Fuel Surcharge: 0.59 p per kg

War risk surcharge 0.09 p per kg

Labelling : 1.25 per piece of luggage.



So estimating at 45kg, £261.40.....

Does anyone know of a rough cost and time length of cargoing this kind of weight/size shipment? The benefit with the Emirates Skycargo is it will travel with you/within a couple of days so it will be in NZ pretty quick

Thanks in advance for any help.

Paul


----------



## anski

paulnanrod said:


> Hi Everyone
> 
> As I've mentioned I'm in the process of applying for residency under the family/partnership category for NZ. We are looking at taking some things out with us, but leaving a lot here. We'll have approx 40-45kg in (we expect) 2 suitcases. I have been given the following information about Emirates Skycargo (the airline we're flying with):
> 
> - 45 KGS – 3.31 PER KG (MIN CHARGE 61.00 GBP)
> + 45 KGS – 3.17 PER KG
> 
> Handling charge : 0.088 p per kg (min 21.00 gbp)
> 
> X/RAY charge : 0.18 p per kg (min 22.00 gbp)
> 
> Air waybill charge: 13,50 gbp
> 
> Customs export entry charge : 27.50 gbp
> 
> Fuel Surcharge: 0.59 p per kg
> 
> War risk surcharge 0.09 p per kg
> 
> Labelling : 1.25 per piece of luggage.
> 
> 
> 
> So estimating at 45kg, £261.40.....
> 
> Does anyone know of a rough cost and time length of cargoing this kind of weight/size shipment? The benefit with the Emirates Skycargo is it will travel with you/within a couple of days so it will be in NZ pretty quick
> 
> Thanks in advance for any help.
> 
> Paul


Your baggage allowance is 23kg each checked in, plus 7kg cabin baggage, plus computer case or hand bag plus duty free shopping.
If flying with Air New Zealand you can also take additional cases & the charge is US$70 for 23kg case each.
http://www.airnewzealand.co.uk/excess-baggage-uk

This is much easier & cheaper than Skycargo.

There are also companies that will fly your excess baggage unaccompanied. It usually arrive few days after you but you have to go & clear it & pay extra fees on arrival.


----------



## paulnanrod

Thanks for that. The emirates allowance is 30kg for checked, so that's not bad, but we will have extra. 

Their extra baggage costs to check the luggage on the other hand are horrendous. for 25kg its GBP700!!!!

Do you have any names of any unaccompanied freight carriers for quotes? I'm trying to google but not much is coming up and the ones I find are a lot more than the Skycargo.

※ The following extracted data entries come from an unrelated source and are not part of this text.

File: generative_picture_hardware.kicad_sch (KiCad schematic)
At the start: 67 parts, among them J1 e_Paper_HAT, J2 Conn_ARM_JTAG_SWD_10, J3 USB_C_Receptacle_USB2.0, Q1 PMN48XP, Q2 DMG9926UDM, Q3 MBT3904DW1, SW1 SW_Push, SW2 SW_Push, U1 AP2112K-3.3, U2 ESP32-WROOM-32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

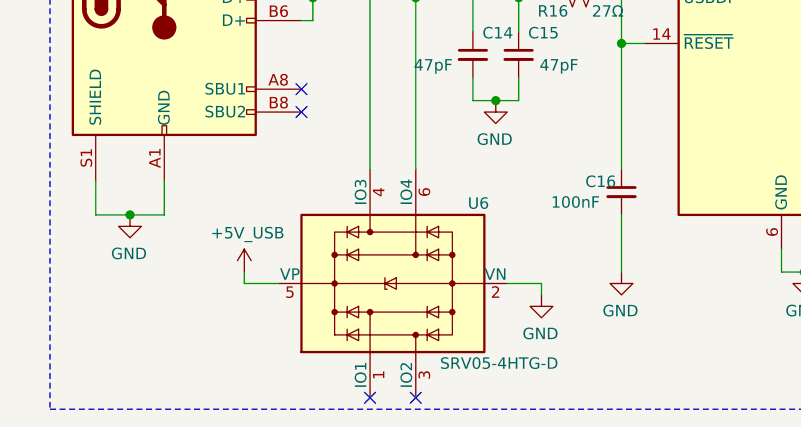
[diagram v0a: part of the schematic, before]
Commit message: Changes pins on the TVS diodes to make it easier to route
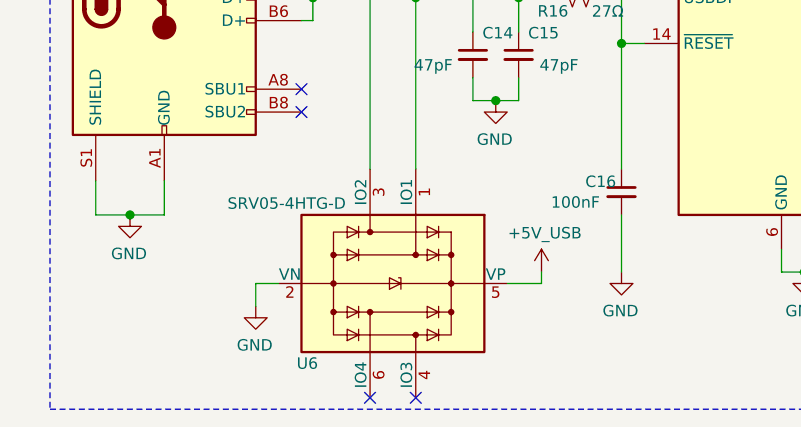
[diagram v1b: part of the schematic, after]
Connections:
- net D+: now also U6.1 (IO1); no longer U6.6 (IO4)
- net D-: now also U6.3 (IO2); no longer U6.4 (IO3)
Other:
- moved on the sheet: U6
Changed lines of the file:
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@@
-    (stroke (width 0) (type solid) (color 0 0 0 0))
-  )
-  (wire (pts (xy 35.56 181.61) (xy 35.56 182.88))
-    (stroke (width 0) (type solid) (color 0 0 0 0))
-  )
-  (wire (pts (xy 35.56 182.88) (xy 39.37 182.88))
     (stroke (width 0) (type solid) (color 0 0 0 0))
   )
@@
     (stroke (width 0) (type solid) (color 0 0 0 0))
   )
+  (wire (pts (xy 36.83 182.88) (xy 36.83 185.42))
+    (stroke (width 0) (type solid) (color 0 0 0 0))
+  )
+  (wire (pts (xy 36.83 182.88) (xy 39.37 182.88))
+    (stroke (width 0) (type solid) (color 0 0 0 0))
+  )
   (wire (pts (xy 41.91 133.35) (xy 44.45 133.35))
     (stroke (width 0) (type solid) (color 0 0 0 0))
@@
     (stroke (width 0) (type solid) (color 0 0 0 0))
   )
-  (wire (pts (xy 68.58 182.88) (xy 68.58 184.15))
+  (wire (pts (xy 68.58 181.61) (xy 68.58 182.88))
     (stroke (width 0) (type solid) (color 0 0 0 0))
   )
@@
     (pin "1")
   )
-  (symbol (lib_id "Generative_picture:+5V_USB") (at 35.56 181.61 0) (unit 1)
-    (in_bom yes) (on_board yes)
-    (property "Reference" "#PWR042" (id 0) (at 35.56 185.42 0)
-      (effects (font (size 1.27 1.27)) hide)
-    )
-    (property "Value" "+5V_USB" (id 1) (at 35.9283 177.2856 0))
-    (property "Footprint" "" (id 2) (at 35.56 181.61 0)
-      (effects (font (size 1.27 1.27)) hide)
-    )
-    (property "Datasheet" "" (id 3) (at 35.56 181.61 0)
-      (effects (font (size 1.27 1.27)) hide)
-    )
-    (pin "1")
-  )
   (symbol (lib_id "power:+3V3") (at 36.83 26.67 0) (unit 1)
     (in_bom yes) (on_board yes)
@@
     (pin "1")
   )
+  (symbol (lib_id "Generative_picture:+5V_USB") (at 68.58 181.61 0) (unit 1)
+    (in_bom yes) (on_board yes)
+    (property "Reference" "#PWR042" (id 0) (at 68.58 185.42 0)
+      (effects (font (size 1.27 1.27)) hide)
+    )
+    (property "Value" "+5V_USB" (id 1) (at 68.9483 177.2856 0))
+    (property "Footprint" "" (id 2) (at 68.58 181.61 0)
+      (effects (font (size 1.27 1.27)) hide)
+    )
+    (property "Datasheet" "" (id 3) (at 68.58 181.61 0)
+      (effects (font (size 1.27 1.27)) hide)
+    )
+    (pin "1")
+  )
   (symbol (lib_id "Generative_picture:+5V_USB") (at 74.93 120.65 0) (unit 1)
     (in_bom yes) (on_board yes)
@@
     (pin "1")
   )
+  (symbol (lib_id "power:GND") (at 36.83 185.42 0) (mirror y) (unit 1)
+    (in_bom yes) (on_board yes)
+    (property "Reference" "#PWR045" (id 0) (at 36.83 191.77 0)
+      (effects (font (size 1.27 1.27)) hide)
+    )
+    (property "Value" "GND" (id 1) (at 36.7157 189.7444 0))
+    (property "Footprint" "" (id 2) (at 36.83 185.42 0)
+      (effects (font (size 1.27 1.27)) hide)
+    )
+    (property "Datasheet" "" (id 3) (at 36.83 185.42 0)
+      (effects (font (size 1.27 1.27)) hide)
+    )
+    (pin "1")
+  )
   (symbol (lib_id "power:GND") (at 59.69 137.16 0) (mirror y) (unit 1)
     (in_bom yes) (on_board yes)
@@
     )
     (property "Datasheet" "" (id 3) (at 66.04 101.6 0)
-      (effects (font (size 1.27 1.27)) hide)
-    )
-    (pin "1")
-  )
-  (symbol (lib_id "power:GND") (at 68.58 184.15 0) (mirror y) (unit 1)
-    (in_bom yes) (on_board yes)
-    (property "Reference" "#PWR045" (id 0) (at 68.58 190.5 0)
-      (effects (font (size 1.27 1.27)) hide)
-    )
-    (property "Value" "GND" (id 1) (at 68.4657 188.4744 0))
-    (property "Footprint" "" (id 2) (at 68.58 184.15 0)
-      (effects (font (size 1.27 1.27)) hide)
-    )
-    (property "Datasheet" "" (id 3) (at 68.58 184.15 0)
       (effects (font (size 1.27 1.27)) hide)
     )
@@
     (pin "6")
   )
-  (symbol (lib_id "Power_Protection:SRV05-4") (at 52.07 182.88 90) (unit 1)
-    (in_bom yes) (on_board yes)
-    (property "Reference" "U6" (id 0) (at 61.5758 173.99 90))
-    (property "Value" "SRV05-4HTG-D" (id 1) (at 63.875 191.77 90))
-    (property "Footprint" "Package_TO_SOT_SMD:SOT-23-6" (id 2) (at 63.5 165.1 0)
-      (effects (font (size 1.27 1.27)) hide)
-    )
+  (symbol (lib_id "Power_Protection:SRV05-4") (at 52.07 182.88 270) (unit 1)
+    (in_bom yes) (on_board yes)
+    (property "Reference" "U6" (id 0) (at 42.5642 191.77 90))
+    (property "Value" "SRV05-4HTG-D" (id 1) (at 40.265 173.99 90))
+    (property "Footprint" "Package_TO_SOT_SMD:SOT-23-6" (id 2) (at 40.64 200.66 0)
+      (effects (font (size 1.27 1.27)) hide)
+    )

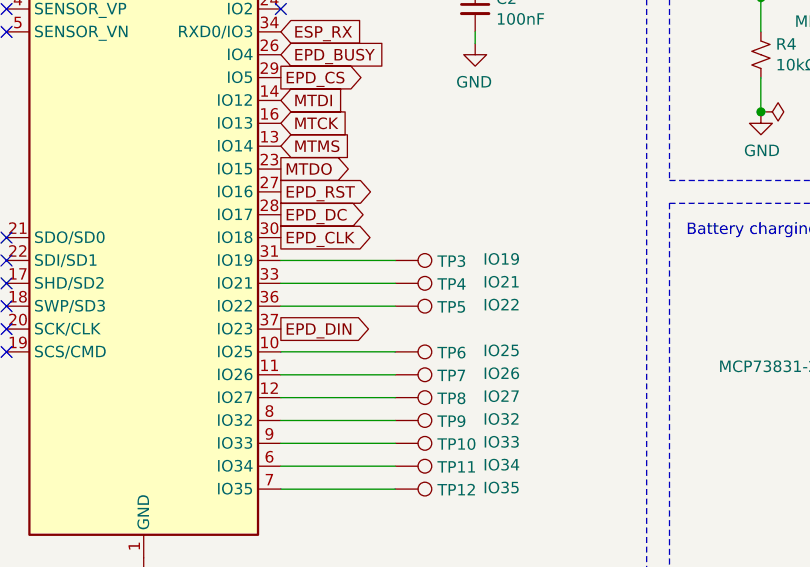
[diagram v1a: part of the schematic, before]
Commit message: Removes some unused test points
They have no immediate use and wouldn't be trivial to route.
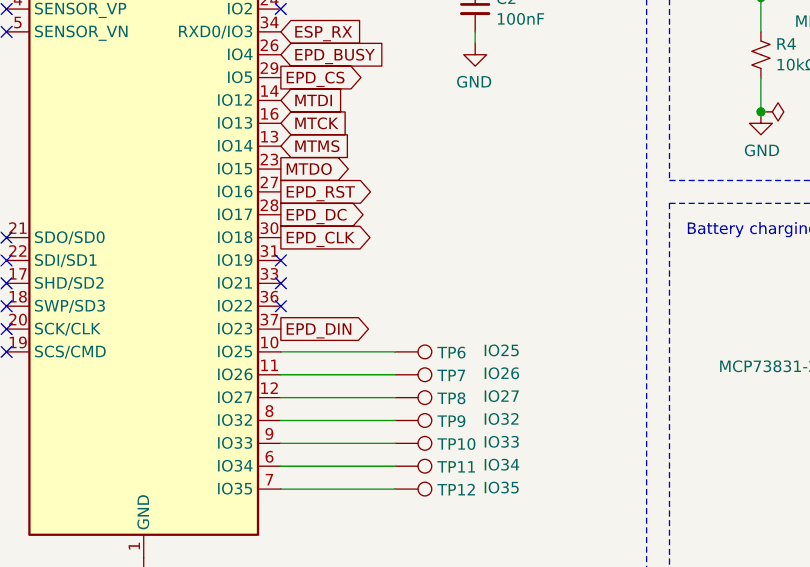
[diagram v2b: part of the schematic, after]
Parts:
- removed TP3: IO19, TestPoint:TestPoint_Pad_D2.0mm, symbol Connector:TestPoint
- removed TP4: IO21, TestPoint:TestPoint_Pad_D2.0mm, symbol Connector:TestPoint
- removed TP5: IO22, TestPoint:TestPoint_Pad_D2.0mm, symbol Connector:TestPoint
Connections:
- no-connect marks 46 -> 49
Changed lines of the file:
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@@
   (no_connect (at 54.61 195.58))
   (no_connect (at 81.28 40.64))
+  (no_connect (at 81.28 68.58))
+  (no_connect (at 81.28 71.12))
+  (no_connect (at 81.28 73.66))
   (no_connect (at 115.57 148.59))
   (no_connect (at 115.57 153.67))
@@
     (stroke (width 0) (type solid) (color 0 0 0 0))
   )
-  (wire (pts (xy 81.28 68.58) (xy 93.98 68.58))
-    (stroke (width 0) (type solid) (color 0 0 0 0))
-  )
-  (wire (pts (xy 81.28 71.12) (xy 93.98 71.12))
-    (stroke (width 0) (type solid) (color 0 0 0 0))
-  )
-  (wire (pts (xy 81.28 73.66) (xy 93.98 73.66))
-    (stroke (width 0) (type solid) (color 0 0 0 0))
-  )
   (wire (pts (xy 81.28 78.74) (xy 93.98 78.74))
     (stroke (width 0) (type solid) (color 0 0 0 0))
@@
     (pin "1")
   )
-  (symbol (lib_id "Connector:TestPoint") (at 93.98 68.58 270) (unit 1)
-    (in_bom yes) (on_board yes)
-    (property "Reference" "TP3" (id 0) (at 98.6791 68.7006 90)
-      (effects (font (size 1.27 1.27)) (justify left))
-    )
-    (property "Value" "IO19" (id 1) (at 103.759 68.459 90)
-      (effects (font (size 1.27 1.27)) (justify left))
-    )
-    (property "Footprint" "TestPoint:TestPoint_Pad_D2.0mm" (id 2) (at 93.98 73.66 0)
-      (effects (font (size 1.27 1.27)) hide)
-    )
-    (property "Datasheet" "~" (id 3) (at 93.98 73.66 0)
-      (effects (font (size 1.27 1.27)) hide)
-    )
-    (pin "1")
-  )
-  (symbol (lib_id "Connector:TestPoint") (at 93.98 71.12 270) (unit 1)
-    (in_bom yes) (on_board yes)
-    (property "Reference" "TP4" (id 0) (at 98.6791 71.2406 90)
-      (effects (font (size 1.27 1.27)) (justify left))
-    )
-    (property "Value" "IO21" (id 1) (at 103.759 70.999 90)
-      (effects (font (size 1.27 1.27)) (justify left))
-    )
-    (property "Footprint" "TestPoint:TestPoint_Pad_D2.0mm" (id 2) (at 93.98 76.2 0)
-      (effects (font (size 1.27 1.27)) hide)
-    )
-    (property "Datasheet" "~" (id 3) (at 93.98 76.2 0)
-      (effects (font (size 1.27 1.27)) hide)
-    )
-    (pin "1")
-  )
-  (symbol (lib_id "Connector:TestPoint") (at 93.98 73.66 270) (unit 1)
-    (in_bom yes) (on_board yes)
-    (property "Reference" "TP5" (id 0) (at 98.6791 73.7806 90)
-      (effects (font (size 1.27 1.27)) (justify left))
-    )
-    (property "Value" "IO22" (id 1) (at 103.759 73.539 90)
-      (effects (font (size 1.27 1.27)) (justify left))
-    )
-    (property "Footprint" "TestPoint:TestPoint_Pad_D2.0mm" (id 2) (at 93.98 78.74 0)
-      (effects (font (size 1.27 1.27)) hide)
-    )
-    (property "Datasheet" "~" (id 3) (at 93.98 78.74 0)
-      (effects (font (size 1.27 1.27)) hide)
-    )
-    (pin "1")
-  )
   (symbol (lib_id "Connector:TestPoint") (at 93.98 78.74 270) (unit 1)
     (in_bom yes) (on_board yes)
@@
       (reference "TP2") (unit 1) (value "bat -") (footprint "TestPoint:TestPoint_Pad_D2.0mm")
     )
-    (path "/d72e2e00-166f-46a4-b676-a9596746b0bd"
-      (reference "TP3") (unit 1) (value "IO19") (footprint "TestPoint:TestPoint_Pad_D2.0mm")
-    )
-    (path "/93e407d8-f449-49f3-bc49-49b1d072a848"
-      (reference "TP4") (unit 1) (value "IO21") (footprint "TestPoint:TestPoint_Pad_D2.0mm")
-    )
-    (path "/7b8a980e-33b6-435b-af52-b95a34ba2a1f"
-      (reference "TP5") (unit 1) (value "IO22") (footprint "TestPoint:TestPoint_Pad_D2.0mm")
-    )
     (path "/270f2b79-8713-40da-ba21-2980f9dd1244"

Flying Air NZ would have been ideal at that cost, but we live in the North East of England, and going through Heathrow when travelling with a 4 month old sounds even worse that going through Dubai!!!

Thanks


----------



## anski

paulnanrod said:


> Thanks for that. The emirates allowance is 30kg for checked, so that's not bad, but we will have extra.
> 
> Their extra baggage costs to check the luggage on the other hand are horrendous. for 25kg its GBP700!!!!
> 
> Do you have any names of any unaccompanied freight carriers for quotes? I'm trying to google but not much is coming up and the ones I find are a lot more than the Skycargo.
> 
> Flying Air NZ would have been ideal at that cost, but we live in the North East of England, and going through Heathrow when travelling with a 4 month old sounds even worse that going through Dubai!!!
> 
> Thanks


Sorry I cannot name any, as I do not have much experience departing from UK, but hopefully someone will assist. Or failing that do a past search of the threads. You should also get an allowance for the baby & baby items ie cars seats & stroller (Most airlines do)


----------



## bdl123

paulnanrod said:


> Thanks for that. The emirates allowance is 30kg for checked, so that's not bad, but we will have extra.
> 
> Their extra baggage costs to check the luggage on the other hand are horrendous. for 25kg its GBP700!!!!
> 
> Do you have any names of any unaccompanied freight carriers for quotes? I'm trying to google but not much is coming up and the ones I find are a lot more than the Skycargo.
> 
> Flying Air NZ would have been ideal at that cost, but we live in the North East of England, and going through Heathrow when travelling with a 4 month old sounds even worse that going through Dubai!!!
> 
> Thanks


If you have or open a bank account with ANZ before you leave, they give you a code to use with Emirates which increases your luggage allowance to 50kg each. However, you have to be flying to your destination with connecting flights only (ie not leaving the airport and flying straight through...eg. Manchester - Dubai - Sydney - Auckland). Unfortunately, as we flew with a 13mth old we'd decided to stay in Abu Dhabi for 4 days and Sydney for 3 so we didn't qualify :-(((( did have excess baggage which didn't cause any issues at Manchester or Sydney but we got stung £300 at Dubai :-///

Sent from my iPhone using ExpatForum


----------



## ianrob99

Try Interparcel - just taken a quote for 45Kg by Fedex at £218 - see Parcel Delivery from Interparcel. Don't know if they do personal items. Have used to send goods to NZ and service/price good.


----------